## Problem requirements
Whenever a picture appears in the records, exclude it, and transcribe everything else exactly.

## Data
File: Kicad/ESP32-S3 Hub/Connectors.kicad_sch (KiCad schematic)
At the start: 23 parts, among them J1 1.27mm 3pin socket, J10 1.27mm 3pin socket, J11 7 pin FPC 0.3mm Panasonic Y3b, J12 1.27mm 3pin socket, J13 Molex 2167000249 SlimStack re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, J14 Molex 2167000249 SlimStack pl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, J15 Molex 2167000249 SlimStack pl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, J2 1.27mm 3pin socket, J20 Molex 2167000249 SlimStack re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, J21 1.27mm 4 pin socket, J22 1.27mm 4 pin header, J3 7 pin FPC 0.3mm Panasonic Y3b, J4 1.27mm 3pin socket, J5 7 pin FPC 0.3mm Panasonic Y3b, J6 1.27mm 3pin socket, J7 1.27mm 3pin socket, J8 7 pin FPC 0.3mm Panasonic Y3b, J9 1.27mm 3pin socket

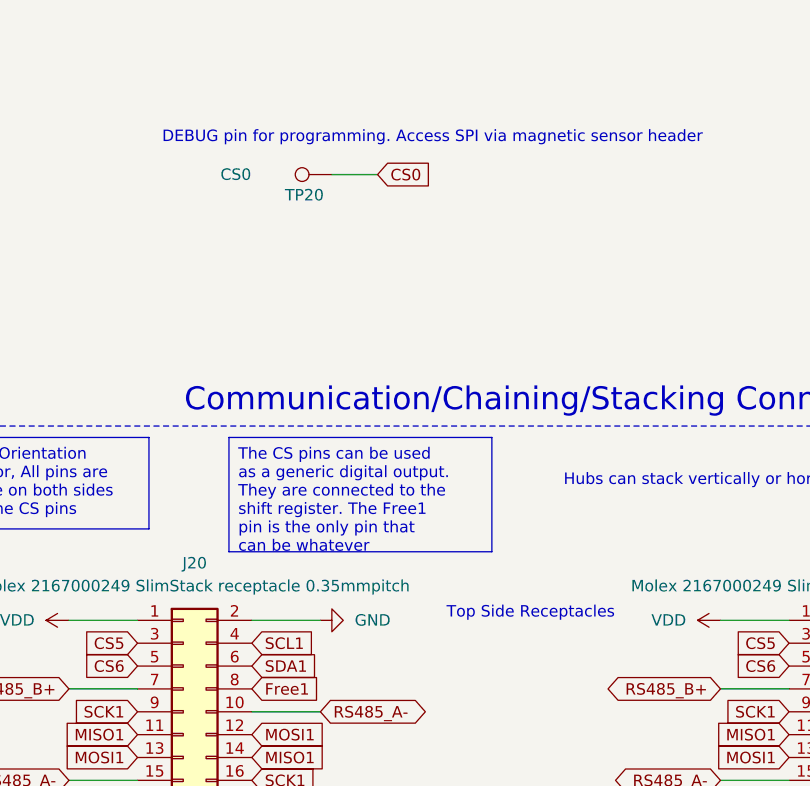
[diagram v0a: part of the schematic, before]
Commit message: Fixed ERC errors, stopped tracking a few .obsidian files
The only errors that popped up were the dual labeling of CS0 and Uart RTS, a power flag spot, and a modified footprint error.
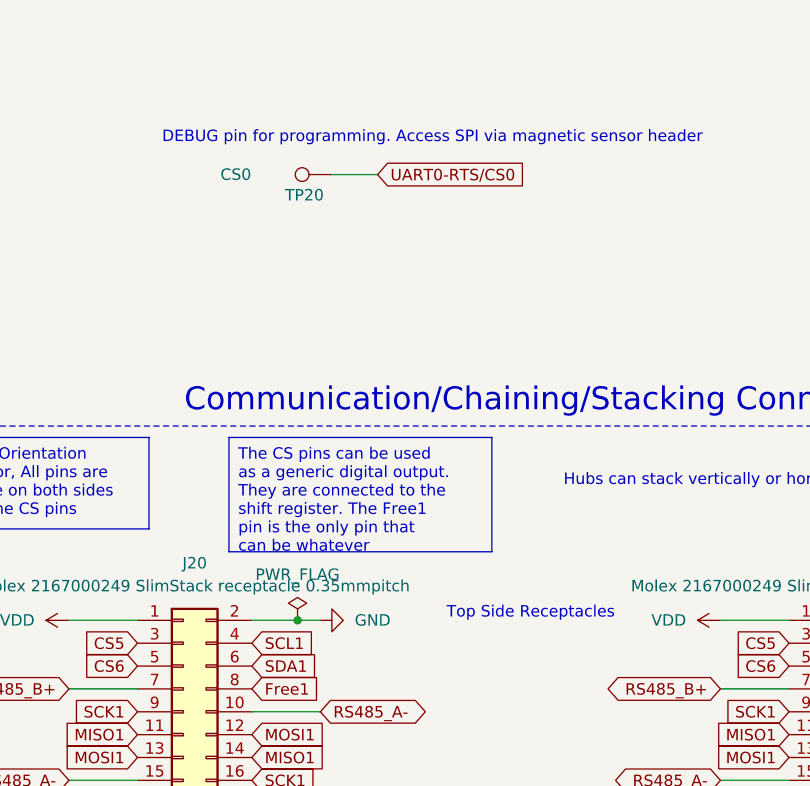
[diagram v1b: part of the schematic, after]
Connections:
- net CS0 renamed UART0-RTS/CS0
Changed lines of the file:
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@@
 	)
 	(junction
+		(at 186.69 85.09)
+		(diameter 0)
+		(color 0 0 0 0)
+	)
+	(junction
 		(at 69.85 102.87)
 		(diameter 0)
@@
 	(wire
 		(pts
-			(xy 189.23 85.09) (xy 181.61 85.09)
+			(xy 189.23 85.09) (xy 186.69 85.09)
 		)
 		(stroke
@@
 	(wire
 		(pts
+			(xy 186.69 85.09) (xy 181.61 85.09)
+		)
+		(stroke
+			(width 0)
+			(type default)
+		)
+	)
+	(wire
+		(pts
 			(xy 233.68 138.43) (xy 241.3 138.43)
 		)
@@
 		)
 	)
-	(global_label "CS0"
-		(shape input)
-		(at 195.58 35.56 0)
-		(fields_autoplaced yes)
-		(effects
-			(font
-				(size 1.27 1.27)
-			)
-			(justify left)
-		)
-		(property "Intersheetrefs" "${INTERSHEET_REFS}"
-			(at 202.2542 35.56 0)
-			(effects
-				(font
-					(size 1.27 1.27)
-				)
-				(justify left)
-				(hide yes)
-			)
-		)
-	)
 	(global_label "SCK1"
 		(shape input)
@@
 		)
 	)
+	(global_label "UART0-RTS{slash}CS0"
+		(shape input)
+		(at 195.58 35.56 0)
+		(fields_autoplaced yes)
+		(effects
+			(font
+				(size 1.27 1.27)
+			)
+			(justify left)
+		)
+		(property "Intersheetrefs" "${INTERSHEET_REFS}"
+			(at 214.4704 35.56 0)
+			(effects
+				(font
+					(size 1.27 1.27)
+				)
+				(justify left)
+				(hide yes)
+			)
+		)
+	)
 	(global_label "3C"
 		(shape input)
@@
 					(unit 1)
 				)
+			)
+		)
+	)
+	(symbol
+		(lib_id "power:PWR_FLAG")
+		(at 186.69 85.09 0)
+		(unit 1)
+		(exclude_from_sim no)
+		(in_bom yes)
+		(on_board yes)
+		(dnp no)
+		(fields_autoplaced yes)
+		(property "Reference" "#FLG03"
+			(at 186.69 83.185 0)
+			(effects
+				(font
+					(size 1.27 1.27)
+				)
+				(hide yes)
+			)
+		)
+		(property "Value" "PWR_FLAG"
+			(at 186.69 80.01 0)
+			(effects
+				(font
+					(size 1.27 1.27)
+				)
+			)
+		)
+		(property "Footprint" ""
+			(at 186.69 85.09 0)
+			(effects
+				(font
+					(size 1.27 1.27)
+				)
+				(hide yes)
+			)
+		)
+		(property "Datasheet" "~"
+			(at 186.69 85.09 0)
+			(effects
+				(font
+					(size 1.27 1.27)
+				)
+				(hide yes)
+			)
+		)
+		(property "Description" "Special symbol for telling ERC where power comes from"
+			(at 186.69 85.09 0)
+			(effects
+				(font
+					(size 1.27 1.27)
+				)
+				(hide yes)
+			)
+		)
+		(pin "1"
+		)
+		(instances
+			(project "ESP32-S3 Hub"
+				(path "/a8c80fba-3bca-4358-b5bb-9ebf9383c658/e098af34-1b04-4f22-87f1-2a3ef3b390de"
+					(reference "#FLG03")
+					(unit 1)
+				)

## Problem solution
File: Kicad/ESP32-S3 Hub/Connectors.kicad_sch (KiCad schematic)
At the start: 23 parts, among them J1 1.27mm 3pin socket, J10 1.27mm 3pin socket, J11 7 pin FPC 0.3mm Panasonic Y3b, J12 1.27mm 3pin socket, J13 Molex 2167000249 SlimStack re, J14 Molex 2167000249 SlimStack pl, J15 Molex 2167000249 SlimStack pl, J2 1.27mm 3pin socket, J20 Molex 2167000249 SlimStack re, J21 1.27mm 4 pin socket, J22 1.27mm 4 pin header, J3 7 pin FPC 0.3mm Panasonic Y3b, J4 1.27mm 3pin socket, J5 7 pin FPC 0.3mm Panasonic Y3b, J6 1.27mm 3pin socket, J7 1.27mm 3pin socket, J8 7 pin FPC 0.3mm Panasonic Y3b, J9 1.27mm 3pin socket

[diagram v0a: part of the schematic, before]
Commit message: Fixed ERC errors, stopped tracking a few .obsidian files
The only errors that popped up were the dual labeling of CS0 and Uart RTS, a power flag spot, and a modified footprint error.
[diagram v1b: part of the schematic, after]
Connections:
- net CS0 renamed UART0-RTS/CS0
Changed lines of the file:
@@
 	)
 	(junction
+		(at 186.69 85.09)
+		(diameter 0)
+		(color 0 0 0 0)
+	)
+	(junction
 		(at 69.85 102.87)
 		(diameter 0)
@@
 	(wire
 		(pts
-			(xy 189.23 85.09) (xy 181.61 85.09)
+			(xy 189.23 85.09) (xy 186.69 85.09)
 		)
 		(stroke
@@
 	(wire
 		(pts
+			(xy 186.69 85.09) (xy 181.61 85.09)
+		)
+		(stroke
+			(width 0)
+			(type default)
+		)
+	)
+	(wire
+		(pts
 			(xy 233.68 138.43) (xy 241.3 138.43)
 		)
@@
 		)
 	)
-	(global_label "CS0"
-		(shape input)
-		(at 195.58 35.56 0)
-		(fields_autoplaced yes)
-		(effects
-			(font
-				(size 1.27 1.27)
-			)
-			(justify left)
-		)
-		(property "Intersheetrefs" "${INTERSHEET_REFS}"
-			(at 202.2542 35.56 0)
-			(effects
-				(font
-					(size 1.27 1.27)
-				)
-				(justify left)
-				(hide yes)
-			)
-		)
-	)
 	(global_label "SCK1"
 		(shape input)
@@
 		)
 	)
+	(global_label "UART0-RTS{slash}CS0"
+		(shape input)
+		(at 195.58 35.56 0)
+		(fields_autoplaced yes)
+		(effects
+			(font
+				(size 1.27 1.27)
+			)
+			(justify left)
+		)
+		(property "Intersheetrefs" "${INTERSHEET_REFS}"
+			(at 214.4704 35.56 0)
+			(effects
+				(font
+					(size 1.27 1.27)
+				)
+				(justify left)
+				(hide yes)
+			)
+		)
+	)
 	(global_label "3C"
 		(shape input)
@@
 					(unit 1)
 				)
+			)
+		)
+	)
+	(symbol
+		(lib_id "power:PWR_FLAG")
+		(at 186.69 85.09 0)
+		(unit 1)
+		(exclude_from_sim no)
+		(in_bom yes)
+		(on_board yes)
+		(dnp no)
+		(fields_autoplaced yes)
+		(property "Reference" "#FLG03"
+			(at 186.69 83.185 0)
+			(effects
+				(font
+					(size 1.27 1.27)
+				)
+				(hide yes)
+			)
+		)
+		(property "Value" "PWR_FLAG"
+			(at 186.69 80.01 0)
+			(effects
+				(font
+					(size 1.27 1.27)
+				)
+			)
+		)
+		(property "Footprint" ""
+			(at 186.69 85.09 0)
+			(effects
+				(font
+					(size 1.27 1.27)
+				)
+				(hide yes)
+			)
+		)
+		(property "Datasheet" "~"
+			(at 186.69 85.09 0)
+			(effects
+				(font
+					(size 1.27 1.27)
+				)
+				(hide yes)
+			)
+		)
+		(property "Description" "Special symbol for telling ERC where power comes from"
+			(at 186.69 85.09 0)
+			(effects
+				(font
+					(size 1.27 1.27)
+				)
+				(hide yes)
+			)
+		)
+		(pin "1"
+		)
+		(instances
+			(project "ESP32-S3 Hub"
+				(path "/a8c80fba-3bca-4358-b5bb-9ebf9383c658/e098af34-1b04-4f22-87f1-2a3ef3b390de"
+					(reference "#FLG03")
+					(unit 1)
+				)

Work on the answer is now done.